Auch SPD-Bürgermeister Kalf sitzt auf dem Podium — hier hat er die Menschen auf seiner Seite. Rund 300 sind in das erst vor kurzem in die Landschaft gehauene Einkaufszentrum gekommen. „Die Hilflosigkeit der Polizei schreit zum Himmel“, ruft Kalf. Applaus. Ständig steige die Kriminalität — Einbrüche, Überfälle, rechtsradikale Ausschreitungen. Dafür sei man damals nicht auf die Straße gegangen, wettert der 61jährige Mitgründer des Neuen Forums in Mecklenburg-Vorpommern. „Wir wissen, wie gefährlich es sein kann, eine Bürgerwehr aufzubauen, aber wir wissen nicht, wie wir uns anders wehren können!“ Konkret sei noch nichts beschlossen, man diskutiere; viele Leute riefen an, um sich in Listen einzutragen. Renate Goscensky entspannt sich ein wenig.

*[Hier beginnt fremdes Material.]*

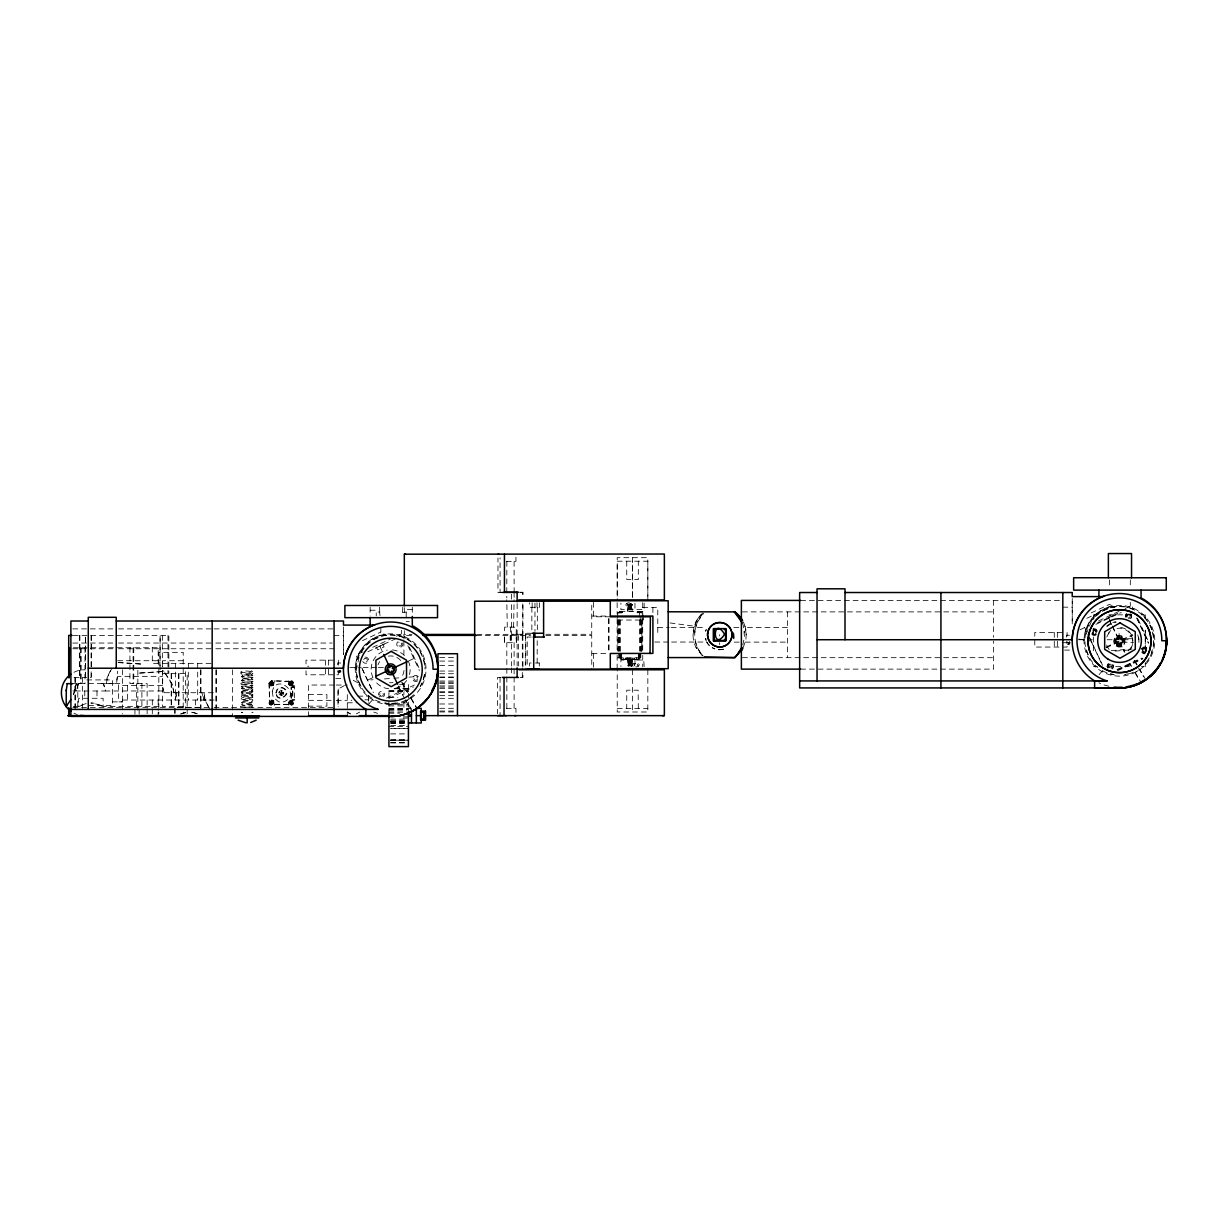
<?xml version="1.0" encoding="UTF-8"?>
<svg xmlns="http://www.w3.org/2000/svg" width="1228" height="1228" viewBox="0 0 1228 1228"><rect width="100%" height="100%" fill="white"/><g stroke="black" fill="none" stroke-linecap="round" stroke-linejoin="round"><path stroke-width="0.75" stroke-dasharray="5 3.75" d="M343.487 654.309L343.502 628.153M383.873 634.001L386.006 635.367L380.833 632.067L380.833 628.414M617.224 596.209L617.224 561.196L647.831 561.196L647.831 596.209M626.74 561.196L626.74 579.478L638.314 579.478L638.314 561.196M632.527 596.209L632.527 561.196M1072.244 623.947L1072.259 599.663M1145.294 666.65L1145.294 662.813L1145.294 666.65L1141.457 666.65M1145.294 614.844L1145.294 618.682L1145.294 614.844L1141.457 614.844M162.48 690.98L105.47 690.98L103.674 683.658L116.629 683.658L117.658 671.148M639.281 612.726C640.463 611.037 636.211 610.915 637.163 612.726L642.275 613.033M176.771 692.715L175.312 700.021M380.02 615.55L379.621 612.066L376.244 612.066M694.802 632.911L694.91 631.161M271.971 700.912L272.37 702.477L272.908 701.464A1.873 1.873 0 0 0 272.386 701.065C266.23 700.298 273.077 708.387 273.307 702.155M290.591 685.055L290.775 683.489L289.47 682.983L290.775 682.983C291.236 679.575 287.812 683.259 289.654 684.503A1.873 1.873 0 0 0 290.176 684.902C293.323 686.406 293.83 680.45 290.453 681.448M694.971 630.455C693.805 639.527 696.552 649.105 702.984 655.706M696.537 648.369C690.489 637.716 692.561 623.456 701.05 614.706M693.006 634.722L696 621.905M268.963 683.229L271.526 680.665L292.847 681.417L292.847 704.55L269.715 704.55L268.963 683.229A2.563 2.563 0 0 1 271.526 680.665M269.653 683.229C269.715 679.79 275.195 681.924 272.908 684.503A1.873 1.873 0 0 1 272.386 684.902C270.206 686.345 268.702 681.279 270.713 684.641C275.548 685.792 271.281 678.47 269.899 683.229M269.178 686.007L271.526 685.792A2.563 2.563 0 0 0 274.09 683.229L273.967 684.027L274.397 680.665M275.793 692.976L276.837 689.752L279.585 687.757A5.495 5.495 0 0 1 282.977 687.757C295.012 693.452 275.64 704.826 276.239 692.976C277.39 704.381 293.323 692.807 282.839 688.202A5.035 5.035 0 0 0 279.723 688.202L277.206 690.029L276.239 692.976M278.848 692.976C278.725 689.583 284.343 690.029 283.683 693.359C282.087 699.392 273.383 689.89 283.714 692.976M290.775 683.643C292.111 687.526 292.878 680.128 291.282 681.663L291.282 682.983L292.586 682.983L291.282 683.489C288.611 687.741 290.852 678.286 289.869 683.612M293.385 699.776L294.812 699.914L291.036 700.175A2.563 2.563 0 0 0 288.473 702.738L288.595 701.94L288.258 705.087M289.148 702.738L289.654 701.464A1.873 1.873 0 0 1 290.176 701.065C296.24 700.298 289.639 707.973 289.47 702.692M289.24 703.322C293.185 706.223 291.742 698.625 289.869 703.107M617.653 613.033L622.78 612.726L622.826 611.636M619.357 612.726L619.956 611.559L619.956 612.45M638.867 612.726L639.466 611.559L639.466 612.45M117.32 677.871L117.658 676.352L162.48 676.352M733.684 638.468L733.884 636.703M733.776 637.547L733.638 631.346M733.914 638.836L733.837 631.069M307.599 666.251L308.827 666.236M274.09 683.229L273.03 685.301M288.473 702.738L291.036 700.175L289.209 700.912M269.899 702.738C273.813 697.611 273.015 708.034 269.653 702.738M290.591 700.912C296.869 704.058 285.464 704.887 291.282 701.173L291.282 702.477L292.586 702.984L290.453 704.519M355.26 669.229C355.352 653.588 366.404 639.189 381.478 635.06A35.366 35.366 0 0 1 424.811 678.393A35.366 35.366 0 0 1 365.622 694.25A35.366 35.366 0 0 1 381.478 635.06M1084.017 640.74C1084.109 625.113 1095.161 610.715 1110.235 606.586A35.366 35.366 0 0 1 1153.568 649.904A35.366 35.366 0 0 1 1094.378 665.76A35.366 35.366 0 0 1 1110.235 606.586M1086.105 634.308L1091.293 621.767M270.682 684.902L271.281 683.643M272.386 681.555L271.772 682.829M270.682 704.411L271.281 703.137M272.386 701.065L271.772 702.324M290.176 684.902L290.606 683.95L289.24 683.812M291.88 681.555L291.282 682.829M290.176 704.411L290.775 703.137M291.88 701.065L291.282 702.324M402.784 607.123L402.385 615.55M628.275 659.651L628.414 658.868M116.875 680.005L117.151 678.501M270.943 685.009L271.281 684.073L269.746 683.812M270.943 704.519L270.682 702.984L269.746 703.322M291.604 681.448L291.88 682.983L292.817 682.645M695.063 629.979L697.427 622.089L703.705 613.186M271.281 681.878L270.636 684.134L272.877 683.489M272.693 703.107C270.713 698.671 269.546 706.207 273.307 703.322M279.646 692.454C282.041 698.778 284.528 688.171 278.956 692.224M289.67 683.489L291.926 684.134L291.358 682M289.24 702.155L290.483 701.649M619.633 612.726L619.956 611.697L618.344 612.726L619.956 611.529L618.544 612.726M627.477 659.651L627.677 658.868L628.337 666.19L627.8 658.868M631.315 603.547C628.629 604.544 632.589 607.722 632.481 604.452C626.863 599.095 621.475 608.627 631.315 605.987M402.584 612.48L406.207 612.066M639.143 612.726L639.972 612.235M742.771 645.053L744.49 636.887L743.416 626.173A30.577 30.577 0 0 0 741.865 621.997M743.293 647.54L745.949 639.159L746.21 633.832M626.08 659.651L626.403 658.868M618.881 612.726L619.802 611.559M359.021 657.103L356.488 669.229A34.138 34.138 0 0 0 357.655 678.071M705.455 631.161L706.085 629.642M705.747 631.069L706.376 629.55M1122.162 642.075L1121.931 638.729L1133.444 638.729M73.526 694.772L76.382 683.658L73.526 694.618M110.382 670.826L107.803 676.029L106.329 683.658L107.066 677.887L111.395 669.26M639.312 611.559L637.931 612.726L638.821 611.928M158.826 706.607L103.121 706.607L103.121 698.287L78.638 698.287L78.638 706.607L86.19 703.537L82.138 704.949A12.249 3.592 0 0 0 79.651 706.085L73.296 706.607M625.067 659.651L625.482 658.868M629.442 604.191L629.411 611.176M630.716 665.76L630.716 658.868M624.745 659.651L625.175 658.868M624.545 659.651L624.991 658.868L635.383 659.651M637.839 612.726L639.466 612.02M271.772 684.579L273.307 683.812M271.281 701.388L270.175 702.477M271.772 704.089L272.754 703.061M289.808 702.401L290.775 701.388M272.109 681.448L271.772 682.384L273.307 682.645M291.604 700.958L291.282 701.894L292.817 702.155M273.337 685.055L273.813 684.395L271.526 685.792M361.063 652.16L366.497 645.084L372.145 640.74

Polizeiinspektor Schuldt versucht, seine Männer in Schutz zu nehmen: Heute zum Beispiel, da konnte ein Täter nach einem Überfall auf eine Apotheke festgenommen werden. Ansonsten — die Polizei sei im Umbruch, unterbesetzt, nicht angemessen ausgebildet. Es sei nicht einfach, Straftatbestände nach dem neuen Gesetz zu erkennen. „Jeder Bürger erkennt Straftaten!“ kommt es wütend aus dem Publikum. Auch Oberstaatsanwalt Sloty hat es schwer. „Dem Recht nach ist es nicht erlaubt, eine Bürgerwehr zu gründen“, warnt er. Dann müßten eben die Gesetze geändert werden, meint eine Frau, wild gestikulierend. Es könne ja wohl nicht angehen, daß der Staat die Täter statt der Bürger schütze. Was im Westen funktioniere, sei einfach nicht auf den Osten zu übertragen.
Am Wochenende wird Sven Krüger alias Obsty festgenommen. Und der Staatsschutz ermittelt gegen seinen Vater.